Well does anybody know a place where I can do some exercises? Online?

I think I just need some practice to get it into ma brain before I start doing moddeling using straight lines....
 
Shouldn't you be in London rioting anyway Quacko?

Did you not do A-level maths before starting a degree in economics?

EDIT: And you should use brackets in your example, do you mean

y = (x-3) / (x+2)

or

y = x - (3/x) + 2

or something else? The latter is the usual precedence rules for division...
 
Mathematically speaking, why is there rioting in London?

Remember to use the words "set", "subset", and "population" in your answer.
 
Students aren't happy about plans to raise fees to up to £9000. A subset of them are rioting. Some of them set off fire extinguishers. They probably haven't had sets in a long while.
 
Nice job. I wish I could pity the students, but I'm paying the equivalent of £14730 (according to Wolfram-Alpha), so...
 
Yeah, that's just what I did. And what I said...

Have a gold star then!

super-mario-galaxy-20060531041732492.jpg
 
We had to pay equivalent of 83 euros when I begun my studies in 1996, and something like 90 euros when I ended them in 2003. That's how we roll in Librulistan :smug:
 
Shouldn't you be in London rioting anyway Quacko?

Did you not do A-level maths before starting a degree in economics?

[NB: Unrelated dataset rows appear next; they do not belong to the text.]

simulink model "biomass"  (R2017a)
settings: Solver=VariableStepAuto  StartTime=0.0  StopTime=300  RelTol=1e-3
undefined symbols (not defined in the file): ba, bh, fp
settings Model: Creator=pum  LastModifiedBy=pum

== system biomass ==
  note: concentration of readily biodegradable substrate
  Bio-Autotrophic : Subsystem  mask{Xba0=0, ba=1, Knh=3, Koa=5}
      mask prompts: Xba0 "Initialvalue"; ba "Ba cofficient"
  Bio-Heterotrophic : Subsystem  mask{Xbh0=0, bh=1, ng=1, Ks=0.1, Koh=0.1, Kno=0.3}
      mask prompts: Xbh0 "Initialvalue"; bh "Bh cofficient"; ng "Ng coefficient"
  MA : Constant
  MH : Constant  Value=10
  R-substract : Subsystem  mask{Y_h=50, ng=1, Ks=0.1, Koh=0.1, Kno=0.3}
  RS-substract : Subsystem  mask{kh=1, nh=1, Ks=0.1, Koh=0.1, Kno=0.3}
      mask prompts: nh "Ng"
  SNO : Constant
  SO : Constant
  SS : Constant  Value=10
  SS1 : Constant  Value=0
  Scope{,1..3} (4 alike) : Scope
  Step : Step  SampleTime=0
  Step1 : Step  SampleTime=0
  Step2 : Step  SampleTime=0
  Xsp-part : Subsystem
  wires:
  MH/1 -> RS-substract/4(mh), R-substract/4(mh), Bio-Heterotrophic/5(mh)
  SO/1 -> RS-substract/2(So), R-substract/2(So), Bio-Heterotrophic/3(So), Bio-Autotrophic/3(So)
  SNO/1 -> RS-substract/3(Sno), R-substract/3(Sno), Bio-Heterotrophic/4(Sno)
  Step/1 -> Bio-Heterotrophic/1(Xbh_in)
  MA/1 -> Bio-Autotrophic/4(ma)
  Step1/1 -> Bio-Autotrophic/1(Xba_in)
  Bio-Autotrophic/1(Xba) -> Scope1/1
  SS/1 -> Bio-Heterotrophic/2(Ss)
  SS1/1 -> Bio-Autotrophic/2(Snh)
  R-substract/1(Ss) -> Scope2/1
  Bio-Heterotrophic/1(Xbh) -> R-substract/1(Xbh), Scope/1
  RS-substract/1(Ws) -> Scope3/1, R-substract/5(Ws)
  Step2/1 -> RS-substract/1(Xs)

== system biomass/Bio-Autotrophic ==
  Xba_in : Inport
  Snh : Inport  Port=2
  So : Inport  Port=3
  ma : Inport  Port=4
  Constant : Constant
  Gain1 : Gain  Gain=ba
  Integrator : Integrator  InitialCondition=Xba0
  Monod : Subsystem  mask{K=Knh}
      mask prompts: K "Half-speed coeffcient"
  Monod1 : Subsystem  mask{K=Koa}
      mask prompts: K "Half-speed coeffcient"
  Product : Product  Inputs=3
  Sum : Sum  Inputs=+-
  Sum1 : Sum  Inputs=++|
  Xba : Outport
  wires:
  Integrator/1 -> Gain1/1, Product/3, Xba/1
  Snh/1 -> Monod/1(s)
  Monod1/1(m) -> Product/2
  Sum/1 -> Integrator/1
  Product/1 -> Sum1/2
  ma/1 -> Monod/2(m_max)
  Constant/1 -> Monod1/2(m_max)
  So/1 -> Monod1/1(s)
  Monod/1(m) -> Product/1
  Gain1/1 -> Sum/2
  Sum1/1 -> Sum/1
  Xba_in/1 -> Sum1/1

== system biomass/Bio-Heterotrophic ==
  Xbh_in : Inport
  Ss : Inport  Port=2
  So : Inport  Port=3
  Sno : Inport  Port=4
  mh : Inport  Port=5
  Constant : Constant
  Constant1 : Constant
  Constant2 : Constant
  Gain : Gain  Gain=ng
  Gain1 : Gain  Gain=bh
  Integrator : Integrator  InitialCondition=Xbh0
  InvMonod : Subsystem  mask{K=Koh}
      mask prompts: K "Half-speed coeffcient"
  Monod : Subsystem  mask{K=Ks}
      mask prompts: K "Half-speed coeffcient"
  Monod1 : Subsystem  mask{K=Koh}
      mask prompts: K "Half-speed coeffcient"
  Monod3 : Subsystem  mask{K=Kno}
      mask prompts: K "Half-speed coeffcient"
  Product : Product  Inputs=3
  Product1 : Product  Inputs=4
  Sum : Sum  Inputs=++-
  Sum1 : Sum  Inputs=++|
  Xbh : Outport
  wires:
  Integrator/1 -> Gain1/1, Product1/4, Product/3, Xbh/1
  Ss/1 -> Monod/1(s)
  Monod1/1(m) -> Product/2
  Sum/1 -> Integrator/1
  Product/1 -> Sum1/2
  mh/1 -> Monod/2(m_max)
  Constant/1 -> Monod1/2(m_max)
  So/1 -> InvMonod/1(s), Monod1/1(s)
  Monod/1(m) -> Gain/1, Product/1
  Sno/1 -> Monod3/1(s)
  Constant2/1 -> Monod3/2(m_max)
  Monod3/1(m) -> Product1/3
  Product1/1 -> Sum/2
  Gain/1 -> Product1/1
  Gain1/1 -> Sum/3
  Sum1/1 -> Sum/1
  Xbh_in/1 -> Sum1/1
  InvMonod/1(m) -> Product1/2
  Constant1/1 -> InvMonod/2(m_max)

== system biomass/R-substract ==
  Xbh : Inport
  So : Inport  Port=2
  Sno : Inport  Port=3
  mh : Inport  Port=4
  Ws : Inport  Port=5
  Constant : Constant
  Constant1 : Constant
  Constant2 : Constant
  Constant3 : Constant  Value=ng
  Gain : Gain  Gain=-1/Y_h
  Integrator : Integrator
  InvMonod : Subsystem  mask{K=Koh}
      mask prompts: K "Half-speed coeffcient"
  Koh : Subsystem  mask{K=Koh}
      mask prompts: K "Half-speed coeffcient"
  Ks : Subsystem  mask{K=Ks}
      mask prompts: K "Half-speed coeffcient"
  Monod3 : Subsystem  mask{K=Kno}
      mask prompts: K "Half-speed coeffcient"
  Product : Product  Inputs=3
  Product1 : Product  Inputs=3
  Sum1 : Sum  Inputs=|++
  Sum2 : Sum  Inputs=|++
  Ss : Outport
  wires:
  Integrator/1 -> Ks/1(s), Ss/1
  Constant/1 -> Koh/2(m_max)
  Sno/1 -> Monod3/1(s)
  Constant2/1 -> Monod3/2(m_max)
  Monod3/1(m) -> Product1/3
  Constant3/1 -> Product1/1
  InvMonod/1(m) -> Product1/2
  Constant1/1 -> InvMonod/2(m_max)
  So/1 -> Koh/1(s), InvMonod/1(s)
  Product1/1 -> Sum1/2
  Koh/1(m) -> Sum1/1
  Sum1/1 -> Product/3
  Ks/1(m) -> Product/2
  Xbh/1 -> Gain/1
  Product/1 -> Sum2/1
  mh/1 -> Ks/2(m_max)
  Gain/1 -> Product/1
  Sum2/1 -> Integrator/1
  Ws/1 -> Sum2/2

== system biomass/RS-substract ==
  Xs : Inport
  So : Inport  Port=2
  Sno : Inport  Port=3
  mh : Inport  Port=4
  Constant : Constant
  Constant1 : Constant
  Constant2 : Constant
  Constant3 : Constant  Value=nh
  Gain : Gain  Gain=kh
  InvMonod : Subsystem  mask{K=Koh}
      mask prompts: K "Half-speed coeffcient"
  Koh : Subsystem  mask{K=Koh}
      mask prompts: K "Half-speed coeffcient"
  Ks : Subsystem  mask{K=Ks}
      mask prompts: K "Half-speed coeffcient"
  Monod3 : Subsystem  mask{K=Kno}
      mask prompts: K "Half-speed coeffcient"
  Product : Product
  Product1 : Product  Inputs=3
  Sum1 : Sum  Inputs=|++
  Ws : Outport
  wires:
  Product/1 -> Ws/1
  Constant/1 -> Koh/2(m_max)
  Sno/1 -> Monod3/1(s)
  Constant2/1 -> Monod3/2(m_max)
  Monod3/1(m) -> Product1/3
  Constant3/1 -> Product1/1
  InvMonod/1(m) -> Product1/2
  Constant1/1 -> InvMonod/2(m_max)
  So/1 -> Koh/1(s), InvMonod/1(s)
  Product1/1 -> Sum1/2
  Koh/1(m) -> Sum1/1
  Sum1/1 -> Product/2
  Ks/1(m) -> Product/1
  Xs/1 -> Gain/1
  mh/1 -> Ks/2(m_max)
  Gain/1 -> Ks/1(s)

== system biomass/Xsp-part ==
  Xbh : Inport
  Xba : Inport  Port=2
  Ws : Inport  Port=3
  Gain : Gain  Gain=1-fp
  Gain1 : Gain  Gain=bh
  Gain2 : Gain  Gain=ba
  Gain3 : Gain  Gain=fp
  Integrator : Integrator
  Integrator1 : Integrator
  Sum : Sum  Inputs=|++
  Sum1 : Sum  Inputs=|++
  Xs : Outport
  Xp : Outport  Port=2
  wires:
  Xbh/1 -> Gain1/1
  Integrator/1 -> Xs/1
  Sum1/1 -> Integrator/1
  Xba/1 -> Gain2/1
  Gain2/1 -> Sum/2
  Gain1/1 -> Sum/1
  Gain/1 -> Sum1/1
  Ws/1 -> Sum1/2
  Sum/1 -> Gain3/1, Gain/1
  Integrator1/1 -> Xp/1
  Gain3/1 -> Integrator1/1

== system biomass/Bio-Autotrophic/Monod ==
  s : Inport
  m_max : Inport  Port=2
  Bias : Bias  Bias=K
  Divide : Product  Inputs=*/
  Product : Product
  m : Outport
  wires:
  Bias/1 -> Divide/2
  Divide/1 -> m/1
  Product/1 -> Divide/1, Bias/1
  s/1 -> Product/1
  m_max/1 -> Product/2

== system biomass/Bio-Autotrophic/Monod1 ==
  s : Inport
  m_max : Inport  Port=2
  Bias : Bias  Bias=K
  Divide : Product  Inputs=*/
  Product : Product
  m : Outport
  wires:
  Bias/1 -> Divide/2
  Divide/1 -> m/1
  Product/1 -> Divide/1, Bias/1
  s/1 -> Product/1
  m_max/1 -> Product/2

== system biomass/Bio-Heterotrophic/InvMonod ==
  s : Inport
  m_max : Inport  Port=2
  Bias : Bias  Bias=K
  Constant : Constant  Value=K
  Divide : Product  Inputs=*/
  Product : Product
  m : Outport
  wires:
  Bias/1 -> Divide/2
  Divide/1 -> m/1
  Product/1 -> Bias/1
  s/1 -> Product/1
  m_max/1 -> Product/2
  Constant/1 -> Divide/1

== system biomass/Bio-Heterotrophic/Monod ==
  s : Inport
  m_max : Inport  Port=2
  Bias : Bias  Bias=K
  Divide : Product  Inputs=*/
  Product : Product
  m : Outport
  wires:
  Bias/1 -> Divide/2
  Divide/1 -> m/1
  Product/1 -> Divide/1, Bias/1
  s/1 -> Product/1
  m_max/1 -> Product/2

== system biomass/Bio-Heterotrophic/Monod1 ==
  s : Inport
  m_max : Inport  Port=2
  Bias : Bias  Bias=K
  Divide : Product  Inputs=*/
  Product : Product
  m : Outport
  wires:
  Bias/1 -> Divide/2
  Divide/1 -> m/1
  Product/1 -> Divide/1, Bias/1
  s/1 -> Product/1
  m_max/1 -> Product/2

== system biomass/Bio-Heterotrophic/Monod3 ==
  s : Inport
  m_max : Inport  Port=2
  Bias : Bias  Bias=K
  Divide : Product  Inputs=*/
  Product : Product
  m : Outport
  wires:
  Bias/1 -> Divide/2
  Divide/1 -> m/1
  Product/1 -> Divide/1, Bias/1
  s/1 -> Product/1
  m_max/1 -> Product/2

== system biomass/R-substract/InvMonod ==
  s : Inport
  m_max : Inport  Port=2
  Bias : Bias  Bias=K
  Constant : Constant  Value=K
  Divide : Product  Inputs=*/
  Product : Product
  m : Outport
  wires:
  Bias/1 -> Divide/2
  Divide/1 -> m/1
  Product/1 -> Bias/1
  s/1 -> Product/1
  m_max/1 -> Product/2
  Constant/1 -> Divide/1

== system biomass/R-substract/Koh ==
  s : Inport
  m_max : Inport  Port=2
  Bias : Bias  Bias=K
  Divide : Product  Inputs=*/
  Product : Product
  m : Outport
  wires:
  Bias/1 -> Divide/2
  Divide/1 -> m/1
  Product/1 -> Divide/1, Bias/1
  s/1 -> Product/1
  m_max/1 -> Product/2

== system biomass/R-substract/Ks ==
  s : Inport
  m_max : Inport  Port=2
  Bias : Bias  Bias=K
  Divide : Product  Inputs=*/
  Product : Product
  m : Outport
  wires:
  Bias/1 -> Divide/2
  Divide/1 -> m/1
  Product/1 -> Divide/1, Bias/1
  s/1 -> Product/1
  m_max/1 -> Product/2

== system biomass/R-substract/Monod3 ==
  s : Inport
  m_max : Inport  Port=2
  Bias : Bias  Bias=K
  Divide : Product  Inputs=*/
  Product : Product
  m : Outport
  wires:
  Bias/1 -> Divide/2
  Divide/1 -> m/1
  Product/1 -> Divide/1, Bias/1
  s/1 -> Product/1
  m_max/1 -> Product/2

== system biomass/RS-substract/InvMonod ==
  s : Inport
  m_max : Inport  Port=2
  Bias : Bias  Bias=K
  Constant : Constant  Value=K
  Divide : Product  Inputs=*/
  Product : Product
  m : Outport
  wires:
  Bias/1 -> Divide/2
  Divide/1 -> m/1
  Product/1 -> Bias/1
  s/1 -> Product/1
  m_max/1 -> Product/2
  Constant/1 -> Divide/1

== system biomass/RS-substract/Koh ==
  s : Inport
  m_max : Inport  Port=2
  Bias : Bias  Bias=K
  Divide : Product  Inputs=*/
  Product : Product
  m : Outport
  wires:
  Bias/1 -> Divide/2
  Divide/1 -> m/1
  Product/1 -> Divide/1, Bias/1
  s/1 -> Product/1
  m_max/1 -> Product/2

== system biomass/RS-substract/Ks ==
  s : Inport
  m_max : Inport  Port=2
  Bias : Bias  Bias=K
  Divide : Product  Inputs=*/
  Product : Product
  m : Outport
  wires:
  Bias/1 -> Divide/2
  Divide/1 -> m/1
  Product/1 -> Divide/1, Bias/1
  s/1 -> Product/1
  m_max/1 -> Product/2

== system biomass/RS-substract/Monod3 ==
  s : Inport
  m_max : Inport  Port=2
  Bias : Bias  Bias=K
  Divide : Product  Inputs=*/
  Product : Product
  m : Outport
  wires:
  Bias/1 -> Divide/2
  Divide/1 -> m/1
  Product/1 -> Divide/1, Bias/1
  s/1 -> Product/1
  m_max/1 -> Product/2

EDIT: And you should use brackets in your example, do you mean

y = (x-3) / (x+2)

or

y = x - (3/x) + 2

or something else? The latter is the usual precedence rules for division...

I was accepted with just a B in GCSE mathematics (A in exam, c in coursework ;)). I haven't done maths in two years so I need to brush up on just everything tbh.

I mean the former.
 
2 ways to do it:

First, multiply both sides by (x+2)

xy + 2y = x-3

Not obvious where to go from there, but remember you're trying to get x by itself. So let's get all the terms with x on one side, all the terms without on the other, by subtracting xy from both sides and adding 3 to both sides.

2y + 3 = x - xy

factorise the RHS

2y + 3 = x (1-y)

Divide both sides by (1-y)

x = (2y+3)/(1-y)

Second way to do it is to do the division (x-3)/(x+2) at the start, or just write x-3 as x+2-5, either of those gives you

y = 1 - 5/(x+2), which is more straightforward to rearrange:

y-1 = -5/(x+2)

x+2 = -5/(y-1)

x+2 = 5/(1-y)

x = 5/(1-y) - 2

x = [5 - 2(1-y)]/(1-y)

x = (2y+3)/(1-y)


And yeah, best way to practice is just head for the library and find a textbook of the right level.
 
So yesterday I was bored after a few hours of not knowing what to do, I started playing with the Riemann Zeta function on Mathematica.

I really couldn't find anything interesting about that right away (yeah I know about the Riemann hypothesis, I meant more of myself not the function). So I started pressing the ' key to take derivatives. I was bothered by the notation and wanted to show the guy sitting next to me how silly the notation was. That's when I noticed this:

Zeta''''''(2) was about 720.

I removed one of the 's and saw that the result I got was about -120.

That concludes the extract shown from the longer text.